Una sociedad machista no solo es nefasta para las mujeres, también lo es para los hombres. Si bien no les faltan derechos, no los matan ni pagan menos por su género, una parte de esta sociedad los obliga a comportarse “como hombres”.

¿Qué significa eso? Que deben ser fuertes, no lloran, no pueden mostrar ni hablar de sus sentimientos y un sinfín de ridiculeces que por años han construido la tan apreciada masculinidad.
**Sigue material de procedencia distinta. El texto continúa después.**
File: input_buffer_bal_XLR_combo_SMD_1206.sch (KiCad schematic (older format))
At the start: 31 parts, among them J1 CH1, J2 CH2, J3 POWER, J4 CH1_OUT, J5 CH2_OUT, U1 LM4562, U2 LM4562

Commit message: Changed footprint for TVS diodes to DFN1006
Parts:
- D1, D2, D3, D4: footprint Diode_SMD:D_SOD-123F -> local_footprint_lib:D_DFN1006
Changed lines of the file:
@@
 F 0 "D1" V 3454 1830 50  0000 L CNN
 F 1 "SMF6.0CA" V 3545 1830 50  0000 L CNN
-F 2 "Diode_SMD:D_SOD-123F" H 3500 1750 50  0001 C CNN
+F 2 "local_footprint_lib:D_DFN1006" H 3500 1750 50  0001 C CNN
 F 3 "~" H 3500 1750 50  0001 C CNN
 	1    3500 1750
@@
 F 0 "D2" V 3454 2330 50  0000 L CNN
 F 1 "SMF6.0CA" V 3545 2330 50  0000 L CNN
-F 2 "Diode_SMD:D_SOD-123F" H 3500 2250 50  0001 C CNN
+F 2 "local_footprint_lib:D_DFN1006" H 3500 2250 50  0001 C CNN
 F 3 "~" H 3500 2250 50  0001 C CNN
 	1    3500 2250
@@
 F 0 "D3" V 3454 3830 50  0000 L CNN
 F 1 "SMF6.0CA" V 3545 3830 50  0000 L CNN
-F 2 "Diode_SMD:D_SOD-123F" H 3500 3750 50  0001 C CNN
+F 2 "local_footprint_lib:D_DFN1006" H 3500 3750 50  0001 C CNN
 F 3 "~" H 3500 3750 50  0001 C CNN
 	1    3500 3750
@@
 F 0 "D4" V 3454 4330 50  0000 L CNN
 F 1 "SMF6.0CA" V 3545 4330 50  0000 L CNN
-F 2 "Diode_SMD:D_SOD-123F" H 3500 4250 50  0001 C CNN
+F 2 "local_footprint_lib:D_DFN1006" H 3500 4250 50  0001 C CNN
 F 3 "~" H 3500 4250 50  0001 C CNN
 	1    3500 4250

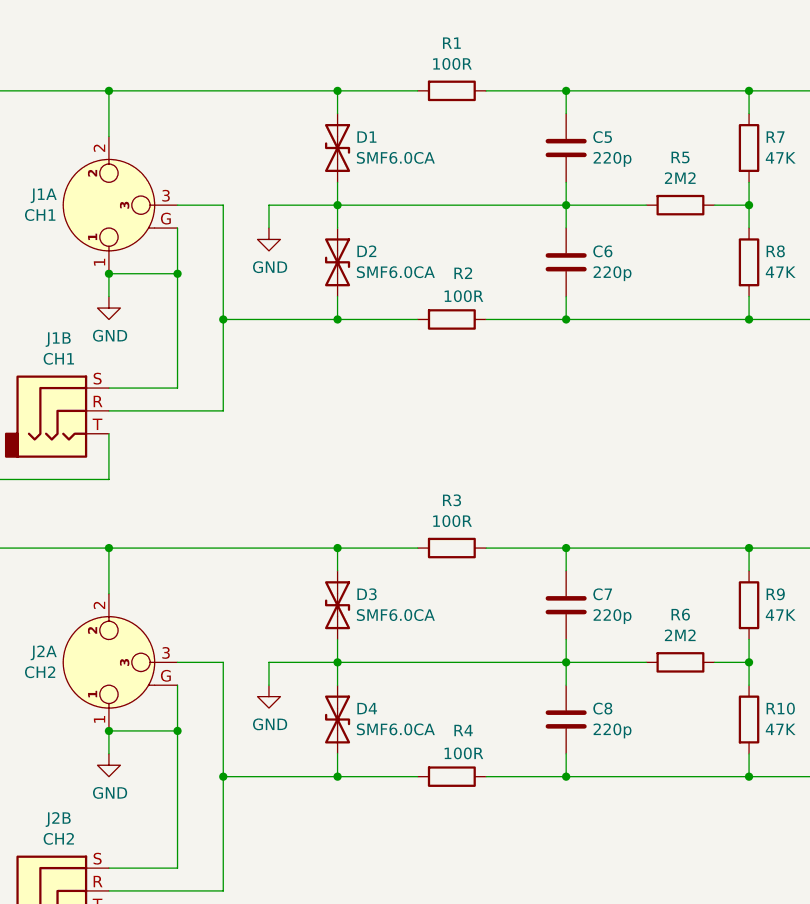
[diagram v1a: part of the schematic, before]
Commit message: updated TVS diode
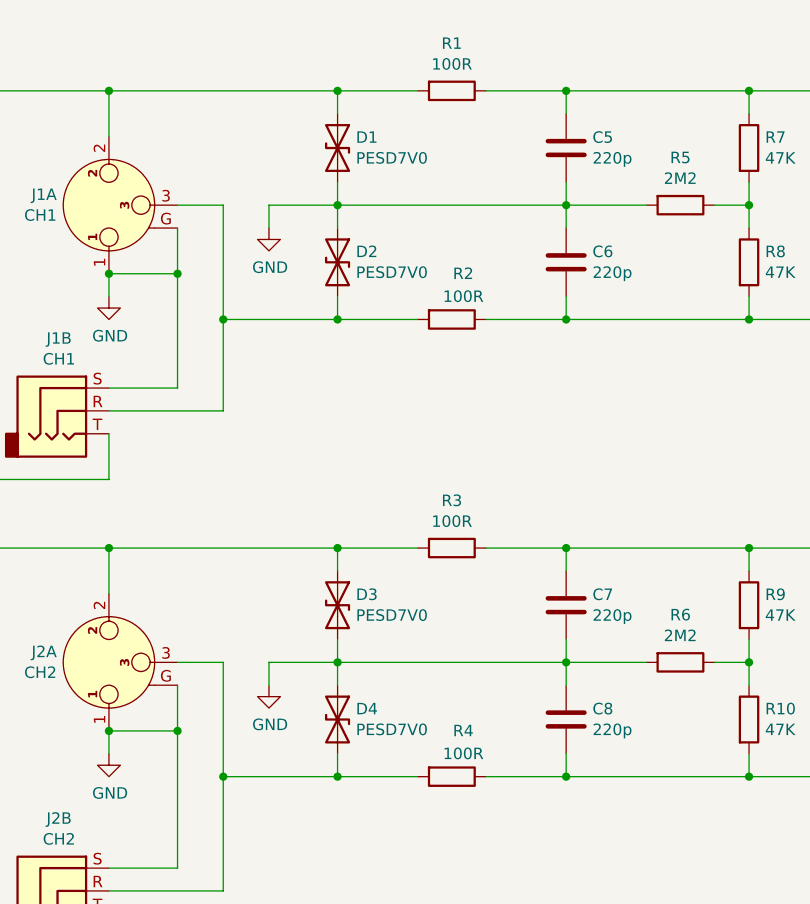
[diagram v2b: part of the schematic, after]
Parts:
- D1, D2, D3, D4: value SMF6.0CA -> PESD7V0
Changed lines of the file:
@@
 P 3500 1750
 F 0 "D1" V 3454 1830 50  0000 L CNN
-F 1 "SMF6.0CA" V 3545 1830 50  0000 L CNN
+F 1 "PESD7V0" V 3545 1830 50  0000 L CNN
 F 2 "local_footprint_lib:D_DFN1006" H 3500 1750 50  0001 C CNN
 F 3 "~" H 3500 1750 50  0001 C CNN
@@
 P 3500 2250
 F 0 "D2" V 3454 2330 50  0000 L CNN
-F 1 "SMF6.0CA" V 3545 2330 50  0000 L CNN
+F 1 "PESD7V0" V 3545 2330 50  0000 L CNN
 F 2 "local_footprint_lib:D_DFN1006" H 3500 2250 50  0001 C CNN
 F 3 "~" H 3500 2250 50  0001 C CNN
@@
 P 3500 3750
 F 0 "D3" V 3454 3830 50  0000 L CNN
-F 1 "SMF6.0CA" V 3545 3830 50  0000 L CNN
+F 1 "PESD7V0" V 3545 3830 50  0000 L CNN
 F 2 "local_footprint_lib:D_DFN1006" H 3500 3750 50  0001 C CNN
 F 3 "~" H 3500 3750 50  0001 C CNN
@@
 P 3500 4250
 F 0 "D4" V 3454 4330 50  0000 L CNN
-F 1 "SMF6.0CA" V 3545 4330 50  0000 L CNN
+F 1 "PESD7V0" V 3545 4330 50  0000 L CNN
 F 2 "local_footprint_lib:D_DFN1006" H 3500 4250 50  0001 C CNN
 F 3 "~" H 3500 4250 50  0001 C CNN

Pero la verdad es otra: los hombres son seres humanos, distintos entre ellos y con las mismas necesidades emocionales que las mujeres.

Por eso es tan necesario el feminismo, para que tanto hombres como mujeres gocemos de nuestra libertad plena.

Un grupo de hombres descubrió que esto era lo que precisamente necesitaban y crearon una dinámica maravillosa que debiese ser replicada en todo el mundo. Dos veces al mes, media docena de hombres se reúnen en Plymouth para ayudarse mutuamente a superar sus traumas. ¿Cómo? Abrazándose.

Tom Gralish

El Grupode Abrazos Terapéuticos para Hombres ha ayudado a sus miembros a lidiar con distintos problemas, desde abuso sexual hasta la pérdida de seres queridos, contaron al periódico The Philadelphia Inquirer.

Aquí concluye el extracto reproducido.